**The problem**
Each line from the start of the entries through the line that contains "Circle(SKETCH31_R)" should be output exactly, please.

**Dataset**
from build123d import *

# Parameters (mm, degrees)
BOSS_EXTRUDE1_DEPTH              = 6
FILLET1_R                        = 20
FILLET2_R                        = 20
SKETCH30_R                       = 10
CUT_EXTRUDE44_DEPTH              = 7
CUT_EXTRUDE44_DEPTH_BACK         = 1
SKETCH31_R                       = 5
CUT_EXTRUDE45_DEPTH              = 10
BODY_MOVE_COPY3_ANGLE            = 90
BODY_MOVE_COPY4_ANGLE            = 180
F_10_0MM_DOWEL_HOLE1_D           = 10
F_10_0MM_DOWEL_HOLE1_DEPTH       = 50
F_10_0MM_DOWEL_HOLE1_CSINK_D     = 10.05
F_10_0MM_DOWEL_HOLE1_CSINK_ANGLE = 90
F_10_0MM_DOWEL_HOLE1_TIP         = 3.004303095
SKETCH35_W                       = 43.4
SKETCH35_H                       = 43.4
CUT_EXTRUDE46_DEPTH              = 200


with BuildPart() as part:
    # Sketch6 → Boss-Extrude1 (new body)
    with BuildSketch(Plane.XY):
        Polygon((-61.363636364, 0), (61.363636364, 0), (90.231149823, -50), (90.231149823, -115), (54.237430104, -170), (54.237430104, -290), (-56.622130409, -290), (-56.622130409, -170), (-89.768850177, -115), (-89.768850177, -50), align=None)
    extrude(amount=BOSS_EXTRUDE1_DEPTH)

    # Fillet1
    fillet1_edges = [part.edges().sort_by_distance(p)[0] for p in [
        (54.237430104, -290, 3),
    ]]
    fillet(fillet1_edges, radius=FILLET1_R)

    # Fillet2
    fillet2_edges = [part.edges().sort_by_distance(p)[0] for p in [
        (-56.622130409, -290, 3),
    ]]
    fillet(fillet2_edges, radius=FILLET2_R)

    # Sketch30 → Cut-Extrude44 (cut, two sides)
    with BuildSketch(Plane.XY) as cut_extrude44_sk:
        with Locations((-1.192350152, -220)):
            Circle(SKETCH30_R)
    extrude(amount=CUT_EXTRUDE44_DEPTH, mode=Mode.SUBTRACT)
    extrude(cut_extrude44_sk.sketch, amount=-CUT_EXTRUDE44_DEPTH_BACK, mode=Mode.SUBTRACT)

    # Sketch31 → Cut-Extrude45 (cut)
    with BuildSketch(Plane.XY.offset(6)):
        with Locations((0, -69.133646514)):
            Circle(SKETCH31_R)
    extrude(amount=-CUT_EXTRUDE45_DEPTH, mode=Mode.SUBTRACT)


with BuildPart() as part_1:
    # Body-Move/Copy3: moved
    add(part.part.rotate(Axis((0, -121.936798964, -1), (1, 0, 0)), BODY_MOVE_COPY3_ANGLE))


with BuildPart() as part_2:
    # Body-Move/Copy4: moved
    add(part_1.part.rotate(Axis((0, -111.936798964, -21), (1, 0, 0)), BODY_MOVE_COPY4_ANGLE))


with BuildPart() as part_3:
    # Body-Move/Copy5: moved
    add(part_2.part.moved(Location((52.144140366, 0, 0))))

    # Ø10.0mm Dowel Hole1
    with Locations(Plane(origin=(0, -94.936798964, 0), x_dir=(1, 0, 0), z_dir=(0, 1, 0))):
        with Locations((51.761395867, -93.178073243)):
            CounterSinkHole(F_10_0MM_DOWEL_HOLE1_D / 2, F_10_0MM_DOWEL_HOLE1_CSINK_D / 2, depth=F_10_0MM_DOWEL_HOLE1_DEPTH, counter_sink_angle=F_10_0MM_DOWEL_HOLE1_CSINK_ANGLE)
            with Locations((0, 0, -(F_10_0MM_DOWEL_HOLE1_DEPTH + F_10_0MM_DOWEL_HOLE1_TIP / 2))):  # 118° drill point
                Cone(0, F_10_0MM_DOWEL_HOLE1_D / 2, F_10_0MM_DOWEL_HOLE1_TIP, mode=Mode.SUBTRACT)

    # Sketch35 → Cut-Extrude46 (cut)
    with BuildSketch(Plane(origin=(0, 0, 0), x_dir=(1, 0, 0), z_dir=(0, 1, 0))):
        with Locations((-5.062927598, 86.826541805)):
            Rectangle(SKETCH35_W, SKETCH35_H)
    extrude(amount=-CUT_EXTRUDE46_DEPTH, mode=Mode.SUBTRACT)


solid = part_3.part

**Response to this task**
from build123d import *

# Parameters (mm, degrees)
BOSS_EXTRUDE1_DEPTH              = 6
FILLET1_R                        = 20
FILLET2_R                        = 20
SKETCH30_R                       = 10
CUT_EXTRUDE44_DEPTH              = 7
CUT_EXTRUDE44_DEPTH_BACK         = 1
SKETCH31_R                       = 5
CUT_EXTRUDE45_DEPTH              = 10
BODY_MOVE_COPY3_ANGLE            = 90
BODY_MOVE_COPY4_ANGLE            = 180
F_10_0MM_DOWEL_HOLE1_D           = 10
F_10_0MM_DOWEL_HOLE1_DEPTH       = 50
F_10_0MM_DOWEL_HOLE1_CSINK_D     = 10.05
F_10_0MM_DOWEL_HOLE1_CSINK_ANGLE = 90
F_10_0MM_DOWEL_HOLE1_TIP         = 3.004303095
SKETCH35_W                       = 43.4
SKETCH35_H                       = 43.4
CUT_EXTRUDE46_DEPTH              = 200


with BuildPart() as part:
    # Sketch6 → Boss-Extrude1 (new body)
    with BuildSketch(Plane.XY):
        Polygon((-61.363636364, 0), (61.363636364, 0), (90.231149823, -50), (90.231149823, -115), (54.237430104, -170), (54.237430104, -290), (-56.622130409, -290), (-56.622130409, -170), (-89.768850177, -115), (-89.768850177, -50), align=None)
    extrude(amount=BOSS_EXTRUDE1_DEPTH)

    # Fillet1
    fillet1_edges = [part.edges().sort_by_distance(p)[0] for p in [
        (54.237430104, -290, 3),
    ]]
    fillet(fillet1_edges, radius=FILLET1_R)

    # Fillet2
    fillet2_edges = [part.edges().sort_by_distance(p)[0] for p in [
        (-56.622130409, -290, 3),
    ]]
    fillet(fillet2_edges, radius=FILLET2_R)

    # Sketch30 → Cut-Extrude44 (cut, two sides)
    with BuildSketch(Plane.XY) as cut_extrude44_sk:
        with Locations((-1.192350152, -220)):
            Circle(SKETCH30_R)
    extrude(amount=CUT_EXTRUDE44_DEPTH, mode=Mode.SUBTRACT)
    extrude(cut_extrude44_sk.sketch, amount=-CUT_EXTRUDE44_DEPTH_BACK, mode=Mode.SUBTRACT)

    # Sketch31 → Cut-Extrude45 (cut)
    with BuildSketch(Plane.XY.offset(6)):
        with Locations((0, -69.133646514)):
            Circle(SKETCH31_R)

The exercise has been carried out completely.